# Thinkcspy Chapter 5: Python Modules

Last Updated on November 19, 2023

So this lesson only had 4 exercises (from what I could see, anyway), but for some reason they start at 16.

At any rate, this lesson was about modules. `math` and `random` were at the focus of the lesson and its exercises.

## Problem 16

Use a `for` statement to print 10 random numbers.

### My Code

``````# Runestone.Academy thinkcspy course
# Chapter 5
# Problem 16

import random

for i in range(10):
prob = random.random()
print(i+1, '-', prob)
``````

### Result

Result from the first run of this script

## Problem 17

Repeat the above exercise but this time print 10 random numbers between 25 and 35, inclusive.

### My Code

``````# Runestone.Academy thinkcspy course
# Chapter 5
# Problem 17

import random

for i in range(10):
prob = random.randrange(25, 36)
print(i+1, '-', prob)
``````

### Result

Result from the first run of this script

## Problem 18

The Pythagorean Theorem tells us that the length of the hypotenuse of a right triangle is related to the lengths of the other two sides.
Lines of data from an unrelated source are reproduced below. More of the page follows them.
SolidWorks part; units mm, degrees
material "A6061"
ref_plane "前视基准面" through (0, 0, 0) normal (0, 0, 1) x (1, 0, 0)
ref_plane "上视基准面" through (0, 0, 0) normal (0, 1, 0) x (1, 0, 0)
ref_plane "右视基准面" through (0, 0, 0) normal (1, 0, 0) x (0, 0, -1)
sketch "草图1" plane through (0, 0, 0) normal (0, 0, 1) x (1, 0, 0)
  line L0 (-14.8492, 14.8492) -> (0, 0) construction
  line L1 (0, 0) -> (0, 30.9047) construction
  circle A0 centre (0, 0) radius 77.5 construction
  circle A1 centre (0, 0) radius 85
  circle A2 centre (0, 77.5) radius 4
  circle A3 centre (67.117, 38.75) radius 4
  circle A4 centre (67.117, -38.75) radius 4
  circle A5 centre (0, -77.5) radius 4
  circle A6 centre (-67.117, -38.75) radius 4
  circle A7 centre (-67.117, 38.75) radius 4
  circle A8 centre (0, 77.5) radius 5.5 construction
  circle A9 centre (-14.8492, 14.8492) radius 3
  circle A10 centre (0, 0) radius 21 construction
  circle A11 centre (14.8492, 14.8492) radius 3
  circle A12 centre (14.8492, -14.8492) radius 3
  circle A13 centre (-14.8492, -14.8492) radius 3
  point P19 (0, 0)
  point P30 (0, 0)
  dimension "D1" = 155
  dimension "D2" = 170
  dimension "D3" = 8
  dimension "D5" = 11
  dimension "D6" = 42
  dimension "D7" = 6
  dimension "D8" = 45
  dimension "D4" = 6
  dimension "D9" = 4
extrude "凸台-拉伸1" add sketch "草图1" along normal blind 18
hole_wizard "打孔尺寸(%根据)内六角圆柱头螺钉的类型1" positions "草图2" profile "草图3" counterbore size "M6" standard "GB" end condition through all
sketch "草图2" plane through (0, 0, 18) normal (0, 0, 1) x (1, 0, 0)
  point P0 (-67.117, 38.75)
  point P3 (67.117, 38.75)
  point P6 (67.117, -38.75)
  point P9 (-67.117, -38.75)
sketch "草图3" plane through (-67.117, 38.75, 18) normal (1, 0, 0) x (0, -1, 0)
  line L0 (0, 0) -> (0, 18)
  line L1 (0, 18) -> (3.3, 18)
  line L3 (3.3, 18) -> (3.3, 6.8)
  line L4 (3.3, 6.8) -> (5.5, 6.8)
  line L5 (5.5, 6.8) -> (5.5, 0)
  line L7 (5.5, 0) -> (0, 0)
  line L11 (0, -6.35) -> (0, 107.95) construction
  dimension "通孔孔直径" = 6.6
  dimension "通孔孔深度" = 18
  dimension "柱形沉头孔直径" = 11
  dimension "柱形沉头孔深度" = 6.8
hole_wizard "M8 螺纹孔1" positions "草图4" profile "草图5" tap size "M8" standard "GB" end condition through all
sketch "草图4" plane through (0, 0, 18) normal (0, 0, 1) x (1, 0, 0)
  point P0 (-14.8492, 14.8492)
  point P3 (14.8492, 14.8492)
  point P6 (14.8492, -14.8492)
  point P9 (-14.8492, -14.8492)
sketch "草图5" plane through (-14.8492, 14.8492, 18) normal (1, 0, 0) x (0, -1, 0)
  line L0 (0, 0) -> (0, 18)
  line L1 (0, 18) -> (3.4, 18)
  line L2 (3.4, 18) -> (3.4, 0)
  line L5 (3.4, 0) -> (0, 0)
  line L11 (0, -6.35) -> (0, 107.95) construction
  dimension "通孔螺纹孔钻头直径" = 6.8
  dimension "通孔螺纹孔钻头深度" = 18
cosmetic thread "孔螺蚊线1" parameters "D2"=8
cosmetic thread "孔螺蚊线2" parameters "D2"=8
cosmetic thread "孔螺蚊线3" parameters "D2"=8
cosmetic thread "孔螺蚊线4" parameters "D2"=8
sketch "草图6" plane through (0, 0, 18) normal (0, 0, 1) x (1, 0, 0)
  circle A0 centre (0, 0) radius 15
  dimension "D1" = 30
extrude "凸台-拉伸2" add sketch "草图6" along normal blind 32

Look through the `math` module and see if you can find a function that will compute this relationship for you. Once you find it, write a short program to try it out.

### My Code

``````# Runestone.Academy thinkcspy course
# Chapter 5
# Problem 18

import math

a = float(input('What is the length of the first side of the triangle?'))
b = float(input('What is the length of the second side of the triangle?'))

c = math.sqrt(a*a + b*b)

print('The hypotenuse of this triangle with is', c, '.')
``````

### Result

The numbers used to get this result were 12 and 12.

## Problem 19

Search on the internet for a way to calculate an approximation for pi. There are many that use simple arithmetic. Write a program to compute the approximation and then print that value as well as the value of `math.pi` from the math module.

### My Code

``````# Runestone.Academy thinkcspy course
# Chapter 5
# Problem 19

import math

c = float(input("Today we are going to calculate pi from the dimensions of a circle. What is the circumference of your circle?"))
d = float(input("And what is the diameter of your circle?"))

zpi = c/d

print("The approximate value of pi from the dimensions provided is", zpi)
print("The actual (also technically approximate) value of pi is", math.pi)
``````

### Result

The numbers were 22.2817 for the diameter and 70 for the circumference. The numbers were generated on this site.